» EXERCISE REQUIREMENTS
All of the entries are to be repeated exactly, with no pictures included.

» WORKING DATA
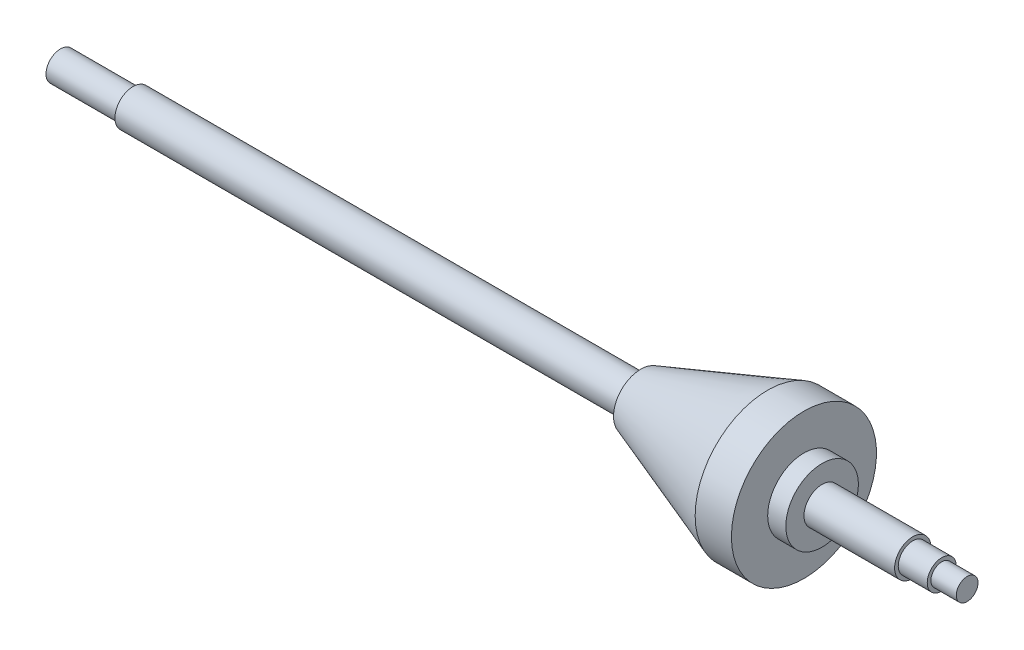
from build123d import *


with BuildPart() as part:
    # Sketch1 → Revolve1 (revolve)
    with BuildSketch(Plane.XY, mode=Mode.PRIVATE) as revolve1_sk:
        Polygon((-99.147058824, 0), (-99.147058824, 4), (-79.147058824, 4), (-79.147058824, 5), (60.852941176, 5), (60.852941176, 7.5), (95.852941176, 20), (105.852941176, 20), (105.852941176, 10), (110.852941176, 10), (110.852941176, 5), (135.852941176, 5), (135.852941176, 4), (143.852941176, 4), (143.852941176, 3), (150.852941176, 3), (150.852941176, 0), align=None)
    revolve(revolve1_sk.sketch.rotate(Axis((-132.617647059, 0, 0), (1, 0, 0)), 90), axis=Axis((-132.617647059, 0, 0), (1, 0, 0)))  # turned: the seam where the file's is


solid = part.part

» TASK SOLUTION
from build123d import *


with BuildPart() as part:
    # Sketch1 → Revolve1 (revolve)
    with BuildSketch(Plane.XY, mode=Mode.PRIVATE) as revolve1_sk:
        Polygon((-99.147058824, 0), (-99.147058824, 4), (-79.147058824, 4), (-79.147058824, 5), (60.852941176, 5), (60.852941176, 7.5), (95.852941176, 20), (105.852941176, 20), (105.852941176, 10), (110.852941176, 10), (110.852941176, 5), (135.852941176, 5), (135.852941176, 4), (143.852941176, 4), (143.852941176, 3), (150.852941176, 3), (150.852941176, 0), align=None)
    revolve(revolve1_sk.sketch.rotate(Axis((-132.617647059, 0, 0), (1, 0, 0)), 90), axis=Axis((-132.617647059, 0, 0), (1, 0, 0)))  # turned: the seam where the file's is


solid = part.part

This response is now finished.